# [Instructions for the task]
Down to the last line, reproduce the records exactly.
+ + + + +
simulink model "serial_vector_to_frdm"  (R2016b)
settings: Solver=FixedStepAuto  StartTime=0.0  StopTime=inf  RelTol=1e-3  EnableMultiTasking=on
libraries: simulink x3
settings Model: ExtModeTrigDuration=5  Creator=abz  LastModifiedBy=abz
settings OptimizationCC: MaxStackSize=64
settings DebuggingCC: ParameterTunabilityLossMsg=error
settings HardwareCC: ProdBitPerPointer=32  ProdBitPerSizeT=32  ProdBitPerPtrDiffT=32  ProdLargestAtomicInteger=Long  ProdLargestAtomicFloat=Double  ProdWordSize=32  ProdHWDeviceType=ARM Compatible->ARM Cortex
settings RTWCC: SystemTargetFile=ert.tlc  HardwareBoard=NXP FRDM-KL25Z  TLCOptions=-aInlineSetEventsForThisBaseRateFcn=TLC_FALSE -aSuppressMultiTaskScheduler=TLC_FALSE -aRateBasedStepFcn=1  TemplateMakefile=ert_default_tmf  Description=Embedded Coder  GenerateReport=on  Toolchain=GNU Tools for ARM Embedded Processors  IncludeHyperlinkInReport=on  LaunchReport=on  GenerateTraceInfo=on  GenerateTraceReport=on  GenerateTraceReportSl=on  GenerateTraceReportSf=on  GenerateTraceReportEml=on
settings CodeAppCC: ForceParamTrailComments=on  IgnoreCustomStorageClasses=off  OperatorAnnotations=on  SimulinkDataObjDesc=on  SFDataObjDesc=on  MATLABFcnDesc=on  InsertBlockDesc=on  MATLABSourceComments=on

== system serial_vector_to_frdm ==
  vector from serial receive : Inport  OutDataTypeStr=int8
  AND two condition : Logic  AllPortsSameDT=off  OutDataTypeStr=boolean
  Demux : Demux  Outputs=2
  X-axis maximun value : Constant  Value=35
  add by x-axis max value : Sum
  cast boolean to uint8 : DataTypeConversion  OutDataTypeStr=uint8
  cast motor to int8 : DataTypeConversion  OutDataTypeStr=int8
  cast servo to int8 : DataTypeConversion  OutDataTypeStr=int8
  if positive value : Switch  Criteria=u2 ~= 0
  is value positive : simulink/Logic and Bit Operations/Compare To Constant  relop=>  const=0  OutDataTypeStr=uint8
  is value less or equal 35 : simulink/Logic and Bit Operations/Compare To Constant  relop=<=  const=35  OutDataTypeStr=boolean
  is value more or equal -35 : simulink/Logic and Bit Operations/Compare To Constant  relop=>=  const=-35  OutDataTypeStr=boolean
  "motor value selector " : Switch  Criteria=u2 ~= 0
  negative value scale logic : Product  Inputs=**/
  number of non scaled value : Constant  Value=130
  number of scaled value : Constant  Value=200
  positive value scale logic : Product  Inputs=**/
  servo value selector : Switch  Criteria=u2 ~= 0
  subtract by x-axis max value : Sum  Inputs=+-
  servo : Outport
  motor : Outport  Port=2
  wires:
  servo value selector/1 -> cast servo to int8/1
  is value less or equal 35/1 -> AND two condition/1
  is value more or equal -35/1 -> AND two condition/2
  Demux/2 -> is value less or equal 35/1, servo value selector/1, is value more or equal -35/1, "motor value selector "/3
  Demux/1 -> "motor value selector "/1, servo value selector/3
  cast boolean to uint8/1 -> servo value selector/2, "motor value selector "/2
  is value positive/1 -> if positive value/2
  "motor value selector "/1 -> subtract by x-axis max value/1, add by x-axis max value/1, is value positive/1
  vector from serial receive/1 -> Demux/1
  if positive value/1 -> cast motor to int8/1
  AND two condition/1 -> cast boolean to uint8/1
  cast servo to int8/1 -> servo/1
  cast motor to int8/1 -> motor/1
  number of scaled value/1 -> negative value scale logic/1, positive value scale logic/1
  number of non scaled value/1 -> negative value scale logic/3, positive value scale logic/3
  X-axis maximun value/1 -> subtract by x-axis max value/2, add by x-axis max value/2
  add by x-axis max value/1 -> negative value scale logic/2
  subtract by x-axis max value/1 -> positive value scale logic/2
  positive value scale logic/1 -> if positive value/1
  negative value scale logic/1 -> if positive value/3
+ + + + +
# [Response to the exercise]
simulink model "serial_vector_to_frdm"  (R2016b)
settings: Solver=FixedStepAuto  StartTime=0.0  StopTime=inf  RelTol=1e-3  EnableMultiTasking=on
libraries: simulink x3
settings Model: ExtModeTrigDuration=5  Creator=abz  LastModifiedBy=abz
settings OptimizationCC: MaxStackSize=64
settings DebuggingCC: ParameterTunabilityLossMsg=error
settings HardwareCC: ProdBitPerPointer=32  ProdBitPerSizeT=32  ProdBitPerPtrDiffT=32  ProdLargestAtomicInteger=Long  ProdLargestAtomicFloat=Double  ProdWordSize=32  ProdHWDeviceType=ARM Compatible->ARM Cortex
settings RTWCC: SystemTargetFile=ert.tlc  HardwareBoard=NXP FRDM-KL25Z  TLCOptions=-aInlineSetEventsForThisBaseRateFcn=TLC_FALSE -aSuppressMultiTaskScheduler=TLC_FALSE -aRateBasedStepFcn=1  TemplateMakefile=ert_default_tmf  Description=Embedded Coder  GenerateReport=on  Toolchain=GNU Tools for ARM Embedded Processors  IncludeHyperlinkInReport=on  LaunchReport=on  GenerateTraceInfo=on  GenerateTraceReport=on  GenerateTraceReportSl=on  GenerateTraceReportSf=on  GenerateTraceReportEml=on
settings CodeAppCC: ForceParamTrailComments=on  IgnoreCustomStorageClasses=off  OperatorAnnotations=on  SimulinkDataObjDesc=on  SFDataObjDesc=on  MATLABFcnDesc=on  InsertBlockDesc=on  MATLABSourceComments=on

== system serial_vector_to_frdm ==
  vector from serial receive : Inport  OutDataTypeStr=int8
  AND two condition : Logic  AllPortsSameDT=off  OutDataTypeStr=boolean
  Demux : Demux  Outputs=2
  X-axis maximun value : Constant  Value=35
  add by x-axis max value : Sum
  cast boolean to uint8 : DataTypeConversion  OutDataTypeStr=uint8
  cast motor to int8 : DataTypeConversion  OutDataTypeStr=int8
  cast servo to int8 : DataTypeConversion  OutDataTypeStr=int8
  if positive value : Switch  Criteria=u2 ~= 0
  is value positive : simulink/Logic and Bit Operations/Compare To Constant  relop=>  const=0  OutDataTypeStr=uint8
  is value less or equal 35 : simulink/Logic and Bit Operations/Compare To Constant  relop=<=  const=35  OutDataTypeStr=boolean
  is value more or equal -35 : simulink/Logic and Bit Operations/Compare To Constant  relop=>=  const=-35  OutDataTypeStr=boolean
  "motor value selector " : Switch  Criteria=u2 ~= 0
  negative value scale logic : Product  Inputs=**/
  number of non scaled value : Constant  Value=130
  number of scaled value : Constant  Value=200
  positive value scale logic : Product  Inputs=**/
  servo value selector : Switch  Criteria=u2 ~= 0
  subtract by x-axis max value : Sum  Inputs=+-
  servo : Outport
  motor : Outport  Port=2
  wires:
  servo value selector/1 -> cast servo to int8/1
  is value less or equal 35/1 -> AND two condition/1
  is value more or equal -35/1 -> AND two condition/2
  Demux/2 -> is value less or equal 35/1, servo value selector/1, is value more or equal -35/1, "motor value selector "/3
  Demux/1 -> "motor value selector "/1, servo value selector/3
  cast boolean to uint8/1 -> servo value selector/2, "motor value selector "/2
  is value positive/1 -> if positive value/2
  "motor value selector "/1 -> subtract by x-axis max value/1, add by x-axis max value/1, is value positive/1
  vector from serial receive/1 -> Demux/1
  if positive value/1 -> cast motor to int8/1
  AND two condition/1 -> cast boolean to uint8/1
  cast servo to int8/1 -> servo/1
  cast motor to int8/1 -> motor/1
  number of scaled value/1 -> negative value scale logic/1, positive value scale logic/1
  number of non scaled value/1 -> negative value scale logic/3, positive value scale logic/3
  X-axis maximun value/1 -> subtract by x-axis max value/2, add by x-axis max value/2
  add by x-axis max value/1 -> negative value scale logic/2
  subtract by x-axis max value/1 -> positive value scale logic/2
  positive value scale logic/1 -> if positive value/1
  negative value scale logic/1 -> if positive value/3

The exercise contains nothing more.